Fraction Calculator
Free fraction calculator. Simplify any fraction to its lowest terms using GCD, or add, subtract, multiply, and divide two fractions. Instantly get the simplified fraction, decimal equivalent, and mixed number form.
Simplify fractions and perform addition, subtraction, multiplication, and division with exact results.
A fraction calculator lets you simplify fractions to their lowest terms or perform exact arithmetic — addition, subtraction, multiplication, and division — on two fractions. Results appear as a simplified fraction, a decimal, and a mixed number, so you can work with whichever form suits your needs.
What Is a Fraction?
A fraction represents a part of a whole. It consists of two integers:
- Numerator (top number) — how many parts you have.
- Denominator (bottom number) — how many equal parts the whole is divided into.

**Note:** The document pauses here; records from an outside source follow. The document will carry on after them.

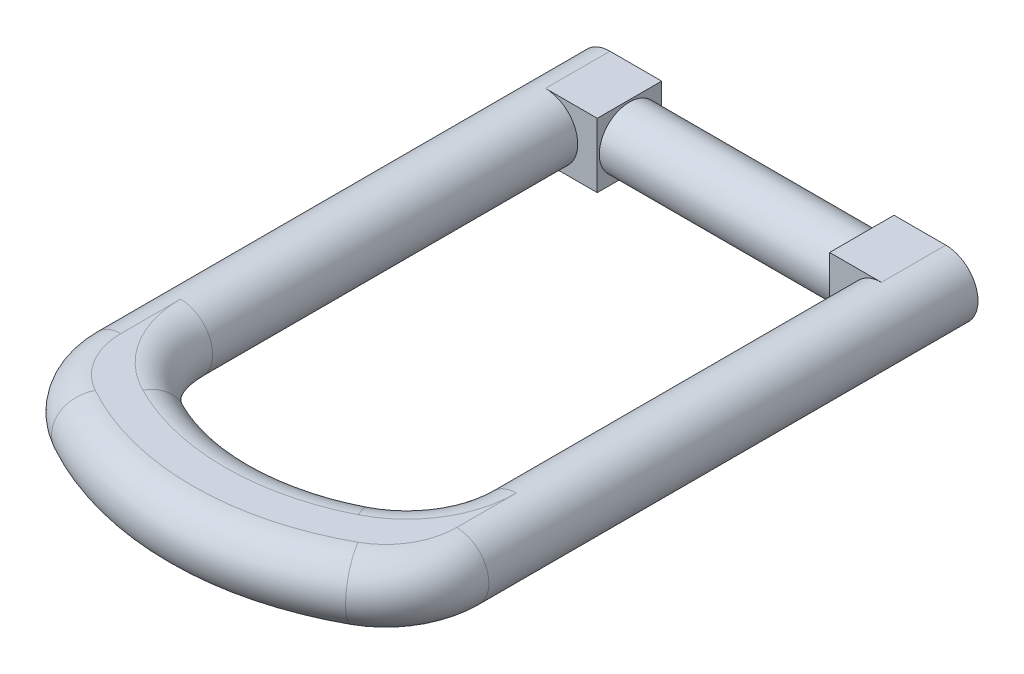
ISO-10303-21;
HEADER;
FILE_DESCRIPTION(('STEP AP214'),'2;1');
FILE_NAME('part.step','',(''),(''),'','','');
FILE_SCHEMA(('AUTOMOTIVE_DESIGN { 1 0 10303 214 1 1 1 1 }'));
ENDSEC;
DATA;
#1=APPLICATION_CONTEXT('core data for automotive mechanical design processes');
#2=APPLICATION_PROTOCOL_DEFINITION('international standard','automotive_design',2000,#1);
#3=PRODUCT_CONTEXT('',#1,'mechanical');
#4=PRODUCT('Part','Part','',(#3));
#5=PRODUCT_RELATED_PRODUCT_CATEGORY('part','',(#4));
#6=PRODUCT_DEFINITION_FORMATION('','',#4);
#7=PRODUCT_DEFINITION_CONTEXT('part definition',#1,'design');
#8=PRODUCT_DEFINITION('design','',#6,#7);
#9=PRODUCT_DEFINITION_SHAPE('','',#8);
#10=(LENGTH_UNIT() NAMED_UNIT(*) SI_UNIT(.MILLI.,.METRE.));
#11=(NAMED_UNIT(*) PLANE_ANGLE_UNIT() SI_UNIT($,.RADIAN.));
#12=(NAMED_UNIT(*) SI_UNIT($,.STERADIAN.) SOLID_ANGLE_UNIT());
#13=UNCERTAINTY_MEASURE_WITH_UNIT(LENGTH_MEASURE(1.E-05),#10,'distance_accuracy_value','');
#14=(GEOMETRIC_REPRESENTATION_CONTEXT(3) GLOBAL_UNCERTAINTY_ASSIGNED_CONTEXT((#13)) GLOBAL_UNIT_ASSIGNED_CONTEXT((#10,
#11,#12)) REPRESENTATION_CONTEXT('',''));
#15=CARTESIAN_POINT('',(0.,0.,0.));
#16=DIRECTION('',(0.,0.,1.));
#17=DIRECTION('',(1.,0.,0.));
#18=AXIS2_PLACEMENT_3D('',#15,#16,#17);
#19=CARTESIAN_POINT('',(50.0632034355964,0.,0.));
#20=DIRECTION('',(-1.,0.,0.));
#21=DIRECTION('',(0.,-1.,0.));
#22=AXIS2_PLACEMENT_3D('',#19,#20,#21);
#23=CYLINDRICAL_SURFACE('',#22,7.5);
#24=CARTESIAN_POINT('',(-28.85,0.,0.));
#25=DIRECTION('',(-1.,0.,0.));
#26=DIRECTION('',(0.,-1.,0.));
#27=AXIS2_PLACEMENT_3D('',#24,#25,#26);
#28=CIRCLE('',#27,7.5);
#29=CARTESIAN_POINT('',(-28.85,-7.5,0.));
#30=VERTEX_POINT('',#29);
#31=EDGE_CURVE('E208',#30,#30,#28,.F.);
#32=ORIENTED_EDGE('',*,*,#31,.T.);
#33=EDGE_LOOP('',(#32));
#34=FACE_BOUND('',#33,.T.);
#35=CARTESIAN_POINT('',(28.85,0.,0.));
#36=DIRECTION('',(1.,0.,0.));
#37=DIRECTION('',(0.,1.,0.));
#38=AXIS2_PLACEMENT_3D('',#35,#36,#37);
#39=CIRCLE('',#38,7.5);
#40=CARTESIAN_POINT('',(28.85,7.5,0.));
#41=VERTEX_POINT('',#40);
#42=EDGE_CURVE('E205',#41,#41,#39,.F.);
#43=ORIENTED_EDGE('',*,*,#42,.T.);
#44=EDGE_LOOP('',(#43));
#45=FACE_BOUND('',#44,.T.);
#46=ADVANCED_FACE('F14',(#34,#45),#23,.T.);
#47=CARTESIAN_POINT('',(-28.85,-68.95,-54.5));
#48=DIRECTION('',(-1.,0.,0.));
#49=DIRECTION('',(0.,-1.,0.));
#50=AXIS2_PLACEMENT_3D('',#47,#48,#49);
#51=PLANE('',#50);
#52=ORIENTED_EDGE('',*,*,#31,.F.);
#53=EDGE_LOOP('',(#52));
#54=FACE_BOUND('',#53,.T.);
#55=DIRECTION('',(0.,0.,1.));
#56=VECTOR('',#55,1.);
#57=CARTESIAN_POINT('',(-28.85,-8.,19.2));
#58=LINE('',#57,#56);
#59=CARTESIAN_POINT('',(-28.85,-8.,-8.));
#60=VERTEX_POINT('',#59);
#61=CARTESIAN_POINT('',(-28.85,-8.,8.));
#62=VERTEX_POINT('',#61);
#63=EDGE_CURVE('E197',#60,#62,#58,.T.);
#64=ORIENTED_EDGE('',*,*,#63,.F.);
#65=DIRECTION('',(0.,-1.,0.));
#66=VECTOR('',#65,1.);
#67=CARTESIAN_POINT('',(-28.85,19.25,-8.));
#68=LINE('',#67,#66);
#69=CARTESIAN_POINT('',(-28.85,8.,-8.));
#70=VERTEX_POINT('',#69);
#71=EDGE_CURVE('E191',#70,#60,#68,.T.);
#72=ORIENTED_EDGE('',*,*,#71,.F.);
#73=DIRECTION('',(0.,0.,1.));
#74=VECTOR('',#73,1.);
#75=CARTESIAN_POINT('',(-28.85,8.,19.2));
#76=LINE('',#75,#74);
#77=CARTESIAN_POINT('',(-28.85,8.,8.));
#78=VERTEX_POINT('',#77);
#79=EDGE_CURVE('E189',#70,#78,#76,.T.);
#80=ORIENTED_EDGE('',*,*,#79,.T.);
#81=DIRECTION('',(0.,1.,0.));
#82=VECTOR('',#81,1.);
#83=CARTESIAN_POINT('',(-28.85,19.25,8.));
#84=LINE('',#83,#82);
#85=EDGE_CURVE('E194',#62,#78,#84,.T.);
#86=ORIENTED_EDGE('',*,*,#85,.F.);
#87=EDGE_LOOP('',(#64,#72,#80,#86));
#88=FACE_BOUND('',#87,.T.);
#89=ADVANCED_FACE('F275',(#54,#88),#51,.F.);
#90=CARTESIAN_POINT('',(-24.1,-8.,101.46584866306));
#91=DIRECTION('',(0.,1.,0.));
#92=DIRECTION('',(-1.,0.,0.));
#93=AXIS2_PLACEMENT_3D('',#90,#91,#92);
#94=PLANE('',#93);
#95=DIRECTION('',(-1.,0.,0.));
#96=VECTOR('',#95,1.);
#97=CARTESIAN_POINT('',(-33.7,-8.,8.));
#98=LINE('',#97,#96);
#99=CARTESIAN_POINT('',(-41.7,-8.,8.));
#100=VERTEX_POINT('',#99);
#101=EDGE_CURVE('E171',#62,#100,#98,.T.);
#102=ORIENTED_EDGE('',*,*,#101,.T.);
#103=DIRECTION('',(0.,0.,-1.));
#104=VECTOR('',#103,1.);
#105=CARTESIAN_POINT('',(-41.7,-8.,101.46584866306));
#106=LINE('',#105,#104);
#107=CARTESIAN_POINT('',(-41.7,-8.,-8.));
#108=VERTEX_POINT('',#107);
#109=EDGE_CURVE('E33',#100,#108,#106,.T.);
#110=ORIENTED_EDGE('',*,*,#109,.T.);
#111=DIRECTION('',(1.,0.,0.));
#112=VECTOR('',#111,1.);
#113=CARTESIAN_POINT('',(-49.7,-8.,-8.));
#114=LINE('',#113,#112);
#115=EDGE_CURVE('E179',#108,#60,#114,.T.);
#116=ORIENTED_EDGE('',*,*,#115,.T.);
#117=ORIENTED_EDGE('',*,*,#63,.T.);
#118=EDGE_LOOP('',(#102,#110,#116,#117));
#119=FACE_BOUND('',#118,.T.);
#120=ADVANCED_FACE('F286',(#119),#94,.F.);
#121=CARTESIAN_POINT('',(-41.7,0.,101.46584866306));
#122=DIRECTION('',(0.,0.,-1.));
#123=DIRECTION('',(-1.,0.,0.));
#124=AXIS2_PLACEMENT_3D('',#121,#122,#123);
#125=CYLINDRICAL_SURFACE('',#124,8.);
#126=DIRECTION('',(0.,0.,-1.));
#127=VECTOR('',#126,1.);
#128=CARTESIAN_POINT('',(-41.7,8.,113.46584866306));
#129=LINE('',#128,#127);
#130=CARTESIAN_POINT('',(-41.7,8.,98.63843571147));
#131=VERTEX_POINT('',#130);
#132=CARTESIAN_POINT('',(-41.7,8.,113.46584866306));
#133=VERTEX_POINT('',#132);
#134=EDGE_CURVE('E231',#131,#133,#129,.F.);
#135=ORIENTED_EDGE('',*,*,#134,.F.);
#136=CARTESIAN_POINT('',(-41.7,0.,98.63843571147));
#137=DIRECTION('',(0.,0.,1.));
#138=DIRECTION('',(0.,1.,0.));
#139=AXIS2_PLACEMENT_3D('',#136,#137,#138);
#140=CIRCLE('',#139,8.);
#141=CARTESIAN_POINT('',(-41.7,-8.,98.63843571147));
#142=VERTEX_POINT('',#141);
#143=EDGE_CURVE('E219',#142,#131,#140,.T.);
#144=ORIENTED_EDGE('',*,*,#143,.F.);
#145=DIRECTION('',(0.,0.,-1.));
#146=VECTOR('',#145,1.);
#147=CARTESIAN_POINT('',(-41.7,-8.,113.46584866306));
#148=LINE('',#147,#146);
#149=CARTESIAN_POINT('',(-41.7,-8.,113.46584866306));
#150=VERTEX_POINT('',#149);
#151=EDGE_CURVE('E86',#150,#142,#148,.T.);
#152=ORIENTED_EDGE('',*,*,#151,.F.);
#153=CARTESIAN_POINT('',(-41.7,0.,113.46584866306));
#154=DIRECTION('',(0.,0.,-1.));
#155=DIRECTION('',(0.,-1.,0.));
#156=AXIS2_PLACEMENT_3D('',#153,#154,#155);
#157=CIRCLE('',#156,8.);
#158=EDGE_CURVE('E224',#150,#133,#157,.T.);
#159=ORIENTED_EDGE('',*,*,#158,.T.);
#160=EDGE_LOOP('',(#135,#144,#152,#159));
#161=FACE_BOUND('',#160,.T.);
#162=ORIENTED_EDGE('',*,*,#109,.F.);
#163=CARTESIAN_POINT('',(-41.7,0.,8.));
#164=DIRECTION('',(0.,0.,-1.));
#165=DIRECTION('',(0.,1.,0.));
#166=AXIS2_PLACEMENT_3D('',#163,#164,#165);
#167=CIRCLE('',#166,8.);
#168=CARTESIAN_POINT('',(-41.7,8.,8.));
#169=VERTEX_POINT('',#168);
#170=EDGE_CURVE('E24',#169,#100,#167,.T.);
#171=ORIENTED_EDGE('',*,*,#170,.F.);
#172=DIRECTION('',(0.,0.,-1.));
#173=VECTOR('',#172,1.);
#174=CARTESIAN_POINT('',(-41.7,8.,101.46584866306));
#175=LINE('',#174,#173);
#176=CARTESIAN_POINT('',(-41.7,8.,-8.));
#177=VERTEX_POINT('',#176);
#178=EDGE_CURVE('E158',#177,#169,#175,.F.);
#179=ORIENTED_EDGE('',*,*,#178,.F.);
#180=CARTESIAN_POINT('',(-41.7,0.,-8.));
#181=DIRECTION('',(0.,0.,1.));
#182=DIRECTION('',(1.,0.,0.));
#183=AXIS2_PLACEMENT_3D('',#180,#181,#182);
#184=CIRCLE('',#183,8.);
#185=EDGE_CURVE('E203',#108,#177,#184,.F.);
#186=ORIENTED_EDGE('',*,*,#185,.F.);
#187=EDGE_LOOP('',(#162,#171,#179,#186));
#188=FACE_BOUND('',#187,.T.);
#189=ADVANCED_FACE('F297',(#161,#188),#125,.T.);
#190=CARTESIAN_POINT('',(-49.7,-8.,-8.));
#191=DIRECTION('',(0.,0.,1.));
#192=DIRECTION('',(1.,0.,0.));
#193=AXIS2_PLACEMENT_3D('',#190,#191,#192);
#194=PLANE('',#193);
#195=ORIENTED_EDGE('',*,*,#185,.T.);
#196=DIRECTION('',(1.,0.,0.));
#197=VECTOR('',#196,1.);
#198=CARTESIAN_POINT('',(-49.7,8.,-8.));
#199=LINE('',#198,#197);
#200=EDGE_CURVE('E173',#177,#70,#199,.T.);
#201=ORIENTED_EDGE('',*,*,#200,.T.);
#202=ORIENTED_EDGE('',*,*,#71,.T.);
#203=ORIENTED_EDGE('',*,*,#115,.F.);
#204=EDGE_LOOP('',(#195,#201,#202,#203));
#205=FACE_BOUND('',#204,.T.);
#206=ADVANCED_FACE('F277',(#205),#194,.F.);
#207=CARTESIAN_POINT('',(-24.1,8.,101.46584866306));
#208=DIRECTION('',(0.,1.,0.));
#209=DIRECTION('',(-1.,0.,0.));
#210=AXIS2_PLACEMENT_3D('',#207,#208,#209);
#211=PLANE('',#210);
#212=ORIENTED_EDGE('',*,*,#178,.T.);
#213=DIRECTION('',(-1.,0.,0.));
#214=VECTOR('',#213,1.);
#215=CARTESIAN_POINT('',(-33.7,8.,8.));
#216=LINE('',#215,#214);
#217=EDGE_CURVE('E154',#78,#169,#216,.T.);
#218=ORIENTED_EDGE('',*,*,#217,.F.);
#219=ORIENTED_EDGE('',*,*,#79,.F.);
#220=ORIENTED_EDGE('',*,*,#200,.F.);
#221=EDGE_LOOP('',(#212,#218,#219,#220));
#222=FACE_BOUND('',#221,.T.);
#223=ADVANCED_FACE('F272',(#222),#211,.T.);
#224=CARTESIAN_POINT('',(-33.7,-8.,8.));
#225=DIRECTION('',(0.,0.,-1.));
#226=DIRECTION('',(0.,-1.,0.));
#227=AXIS2_PLACEMENT_3D('',#224,#225,#226);
#228=PLANE('',#227);
#229=ORIENTED_EDGE('',*,*,#217,.T.);
#230=ORIENTED_EDGE('',*,*,#170,.T.);
#231=ORIENTED_EDGE('',*,*,#101,.F.);
#232=ORIENTED_EDGE('',*,*,#85,.T.);
#233=EDGE_LOOP('',(#229,#230,#231,#232));
#234=FACE_BOUND('',#233,.T.);
#235=ADVANCED_FACE('F269',(#234),#228,.F.);
#236=CARTESIAN_POINT('',(49.7,-8.,-8.));
#237=DIRECTION('',(0.,0.,1.));
#238=DIRECTION('',(1.,0.,0.));
#239=AXIS2_PLACEMENT_3D('',#236,#237,#238);
#240=PLANE('',#239);
#241=DIRECTION('',(1.,0.,0.));
#242=VECTOR('',#241,1.);
#243=CARTESIAN_POINT('',(49.7,8.,-8.));
#244=LINE('',#243,#242);
#245=CARTESIAN_POINT('',(28.85,8.,-8.));
#246=VERTEX_POINT('',#245);
#247=CARTESIAN_POINT('',(41.7,8.,-8.));
#248=VERTEX_POINT('',#247);
#249=EDGE_CURVE('E153',#246,#248,#244,.T.);
#250=ORIENTED_EDGE('',*,*,#249,.T.);
#251=CARTESIAN_POINT('',(41.7,0.,-8.));
#252=DIRECTION('',(0.,0.,1.));
#253=DIRECTION('',(1.,0.,0.));
#254=AXIS2_PLACEMENT_3D('',#251,#252,#253);
#255=CIRCLE('',#254,8.);
#256=CARTESIAN_POINT('',(41.7,-8.,-8.));
#257=VERTEX_POINT('',#256);
#258=EDGE_CURVE('E156',#248,#257,#255,.F.);
#259=ORIENTED_EDGE('',*,*,#258,.T.);
#260=DIRECTION('',(1.,0.,0.));
#261=VECTOR('',#260,1.);
#262=CARTESIAN_POINT('',(49.7,-8.,-8.));
#263=LINE('',#262,#261);
#264=CARTESIAN_POINT('',(28.85,-8.,-8.));
#265=VERTEX_POINT('',#264);
#266=EDGE_CURVE('E175',#265,#257,#263,.T.);
#267=ORIENTED_EDGE('',*,*,#266,.F.);
#268=DIRECTION('',(0.,1.,0.));
#269=VECTOR('',#268,1.);
#270=CARTESIAN_POINT('',(28.85,19.25,-8.));
#271=LINE('',#270,#269);
#272=EDGE_CURVE('E166',#265,#246,#271,.T.);
#273=ORIENTED_EDGE('',*,*,#272,.T.);
#274=EDGE_LOOP('',(#250,#259,#267,#273));
#275=FACE_BOUND('',#274,.T.);
#276=ADVANCED_FACE('F280',(#275),#240,.F.);
#277=CARTESIAN_POINT('',(28.85,-68.95,-54.5));
#278=DIRECTION('',(1.,0.,0.));
#279=DIRECTION('',(0.,1.,0.));
#280=AXIS2_PLACEMENT_3D('',#277,#278,#279);
#281=PLANE('',#280);
#282=ORIENTED_EDGE('',*,*,#42,.F.);
#283=EDGE_LOOP('',(#282));
#284=FACE_BOUND('',#283,.T.);
#285=DIRECTION('',(0.,0.,-1.));
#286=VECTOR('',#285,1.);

For example, 3/4 means 3 out of 4 equal parts.
Types of Fractions
| Type | Description | Example |
|---|---|---|
| Proper | Numerator < denominator | 3/4 |
| Improper | Numerator ≥ denominator | 7/4 |
| Mixed number | Whole + proper fraction | 1¾ |
| Equivalent | Different form, same value | 2/4 = 1/2 |
How to Simplify Fractions
Simplifying (reducing) a fraction means dividing both numerator and denominator by their Greatest Common Divisor (GCD).
Steps:
- Find GCD(numerator, denominator) using the Euclidean algorithm.
- Divide both by the GCD.
Example: Simplify 18/24
- GCD(18, 24) = 6
- 18 ÷ 6 = 3; 24 ÷ 6 = 4
- Result: 3/4
How to Add and Subtract Fractions
Same Denominator
Simply add or subtract the numerators: a/c ± b/c = (a ± b)/c
Example: 3/8 + 1/8 = 4/8 = 1/2
Different Denominators
Use the formula: a/b + c/d = (a×d + c×b) / (b×d), then simplify.
Example: 1/2 + 1/3
- (1×3 + 1×2) / (2×3) = 5/6
- GCD(5, 6) = 1 → already simplified
- Result: 5/6
How to Multiply and Divide Fractions
Multiplication
a/b × c/d = (a×c) / (b×d)
Example: 2/3 × 3/4 = 6/12 = 1/2
Division
a/b ÷ c/d = (a×d) / (b×c) — multiply by the reciprocal.
Example: 3/4 ÷ 1/2 = 3/4 × 2/1 = 6/4 = 3/2 (or 1½)
Worked Examples
Example 1 — Adding Unlike Fractions
5/6 + 7/8 = ?
Using the formula:
- Numerator: 5×8 + 7×6 = 40 + 42 = 82
- Denominator: 6×8 = 48
- GCD(82, 48) = 2
- Result: 41/24 = 1 and 17/24 ≈ 1.708
Example 2 — Dividing Fractions (Recipe Scaling)
A recipe calls for 3/4 cup of flour, but you want to make half the recipe.
3/4 ÷ 2 = 3/4 × 1/2 = 3/8 cup of flour.
Example 3 — Simplifying a Large Fraction
Simplify 360/480:
- GCD(360, 480) = 120
- 360 ÷ 120 = 3; 480 ÷ 120 = 4
- Result: 3/4
Common Mistakes
- Adding denominators directly. 1/2 + 1/3 ≠ 2/5. Always find a common denominator first.
- Forgetting to simplify after arithmetic. Always check if the result can be reduced.
- Dividing instead of multiplying by the reciprocal. To divide by a fraction, flip the second fraction and multiply.
- Ignoring the sign. Negative fractions: (-3)/4 = 3/(-4) = -3/4. The denominator should always be positive in the simplified form.
Frequently Asked Questions
What is the GCD and why does it matter? The Greatest Common Divisor (GCD) is the largest integer that divides both numbers without remainder. Dividing numerator and denominator by the GCD gives the simplest form of a fraction. The Euclidean algorithm finds it efficiently: GCD(a, b) = GCD(b, a mod b) repeated until b = 0.
What is the difference between an improper fraction and a mixed number? They represent the same value in different forms. 7/4 is an improper fraction (numerator ≥ denominator). 1¾ is the mixed number form (1 whole + 3/4). This calculator shows both.
Can fractions have negative denominators? Mathematically yes, but by convention the denominator is always written as positive. A negative fraction is shown with the minus sign on the numerator: -3/4.
How do I compare two fractions? Convert both to the same denominator (or to decimals) and compare. For example, which is larger, 5/8 or 3/5? 5/8 = 0.625, 3/5 = 0.600, so 5/8 is larger.